Nowak predicted that in the short term, most hedge funds would escape the regulation through what's referred to as "the two-year loophole," a clause in the rule excluding funds which lock investors in for two years or more.

The original intention of this part of the rule was to distinguish between private equities funds and hedge funds, but financial experts say it has had far from the intended effect -- of the 8,400 or so hedge funds in the U.S., only an estimated 1,000 to 1,500 were expected to fall under the SEC's rule as currently written. Of those, only 700 to 800 were expected to make the registration deadline of Feb. 1.
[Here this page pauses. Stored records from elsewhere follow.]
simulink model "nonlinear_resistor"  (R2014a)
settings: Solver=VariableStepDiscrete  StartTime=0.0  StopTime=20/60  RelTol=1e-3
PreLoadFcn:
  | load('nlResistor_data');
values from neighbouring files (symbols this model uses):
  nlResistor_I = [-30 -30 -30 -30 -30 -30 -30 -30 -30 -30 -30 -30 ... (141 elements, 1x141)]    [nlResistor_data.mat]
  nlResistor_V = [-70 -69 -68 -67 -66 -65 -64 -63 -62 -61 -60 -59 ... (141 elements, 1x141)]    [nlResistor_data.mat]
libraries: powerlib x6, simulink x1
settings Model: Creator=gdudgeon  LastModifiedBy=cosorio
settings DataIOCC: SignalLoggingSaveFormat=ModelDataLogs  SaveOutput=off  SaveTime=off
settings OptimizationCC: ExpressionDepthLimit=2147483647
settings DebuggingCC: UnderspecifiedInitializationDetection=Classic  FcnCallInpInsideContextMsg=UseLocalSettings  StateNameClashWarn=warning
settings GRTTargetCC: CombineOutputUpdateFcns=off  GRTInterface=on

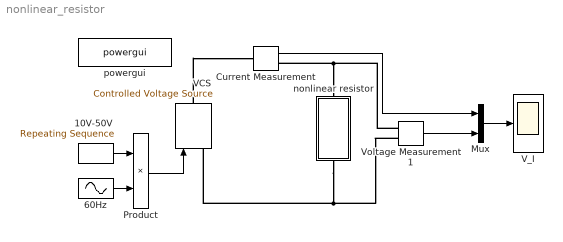
== system nonlinear_resistor ==
  10V-50V : simulink/Sources/Repeating Sequence  rep_seq_t=[0 5/60 15/60 20/60]  rep_seq_y=[10 10 50 50]
  60Hz : Sin  Frequency=2*pi*60  SampleTime=0
  Current Measurement : powerlib/Measurements/Current Measurement  PhasorSimulation=off  OutputType=Complex  PSBequivalent=0
  Mux : Mux  Inputs=2
  Product : Product  RndMeth=Zero
  VCS : powerlib/Electrical Sources/Controlled Voltage Source  Initialize=on  Source_Type=AC  Amplitude=0  Phase=0  Frequency=0  Measurements=None
  V_I : Scope
      settings: YMin=-60  YMax=60  SaveName=VI
  Voltage Measurement1 : powerlib/Measurements/Voltage Measurement  PhasorSimulation=off  OutputType=Complex  PSBequivalent=0
  nonlinear resistor : Subsystem
  powergui : powerlib/powergui  SimulationMode=Discrete  SolverType=Tustin  SampleTime=2e-5  frequency=60  SPID=off  DisableSnubberDevices=off  DisableRonSwitches=off  DisableVfSwitches=off  SwTol=0  Interpol=off  DisplayEquations=off  Ts=0  methode=off  frequencyindice=0  Pbase=100e6  ErrMax=1e-4  Iterations=50  UnitsV=kV  UnitsW=MW  FunctionMessages=off  echomessages=off  HookPort=off  EnableUseOfTLC=off  x0status=blocks  RestoreLinks=warning  ResistiveCurrentMeasurement=off  Frange=[0:2:500]  Ylog=off  Xlog=on  ShowGrid=off  save=off  variable=ZData  structure=0  ZoomFFT=on  StartTime=0.0  cycles=1  DisplayStyle=1  fundamental=60  FreqAxis=off  MaxFrequency=1000  frequencyindicesteady=1  RmsSteady=1  display=off
  wires:
  Product/1 -> VCS/1
  60Hz/1 -> Product/2
  10V-50V/1 -> Product/1
  Mux/1 -> V_I/1
  Voltage Measurement1/1 -> Mux/2
  Current Measurement/1 -> Mux/1
  connections:
  VCS/RConn1 -- Current Measurement/LConn1
  Voltage Measurement1/LConn1 -- Current Measurement/RConn1 -- nonlinear resistor/LConn1
  Voltage Measurement1/LConn2 -- VCS/LConn1 -- nonlinear resistor/RConn1

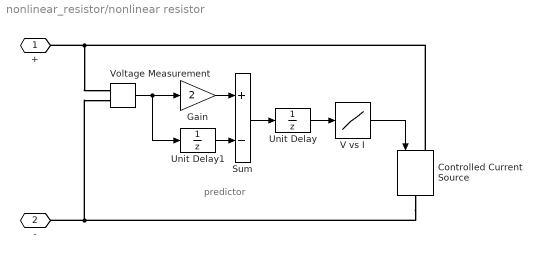
== system nonlinear_resistor/nonlinear resistor ==
  note: predictor
  Controlled Current Source : powerlib/Electrical Sources/Controlled Current Source  Initialize=on  Source_Type=AC  Amplitude=0  Phase=0  Frequency=0  Measurements=None
  Gain : Gain  Gain=2
  Sum : Sum  Inputs=+-
  Unit Delay : UnitDelay  SampleTime=-1
  Unit Delay1 : UnitDelay  SampleTime=-1
  V vs I : Lookup  InputValues=nlResistor_V  Table=nlResistor_I
  Voltage Measurement : powerlib/Measurements/Voltage Measurement  PhasorSimulation=off  OutputType=Complex  PSBequivalent=0
  + : PMIOPort  Port=1  Side=Left
  - : PMIOPort  Port=2  Side=Right
  wires:
  V vs I/1 -> Controlled Current Source/1
  Unit Delay/1 -> V vs I/1
  Sum/1 -> Unit Delay/1
  Voltage Measurement/1 -> Gain/1, Unit Delay1/1
  Unit Delay1/1 -> Sum/2
  Gain/1 -> Sum/1
  connections:
  Controlled Current Source/LConn1 -- +/RConn1 -- Voltage Measurement/LConn1
  Controlled Current Source/RConn1 -- -/RConn1 -- Voltage Measurement/LConn2

Moreover, Nowak said, the SEC would be loath to revise the ruling at this point.

"There was strong dissent when the initial ruling was passed," he said. "The vote was 3 to 2, and the chairmanship has since changed hands. I doubt they'll ever change the loophole at this point."

However, proponents of the registration requirements argue that there's no way the two-year loophole will last forever if the majority of hedge funds use it to evade SEC oversight.

"Hedge funds are a strong force that the SEC will want to contend with," said Mark Diamond, president and CEO of compliance consulting firm Contoural, Inc. "Sooner or later, regulation will be a fact of life for all of them."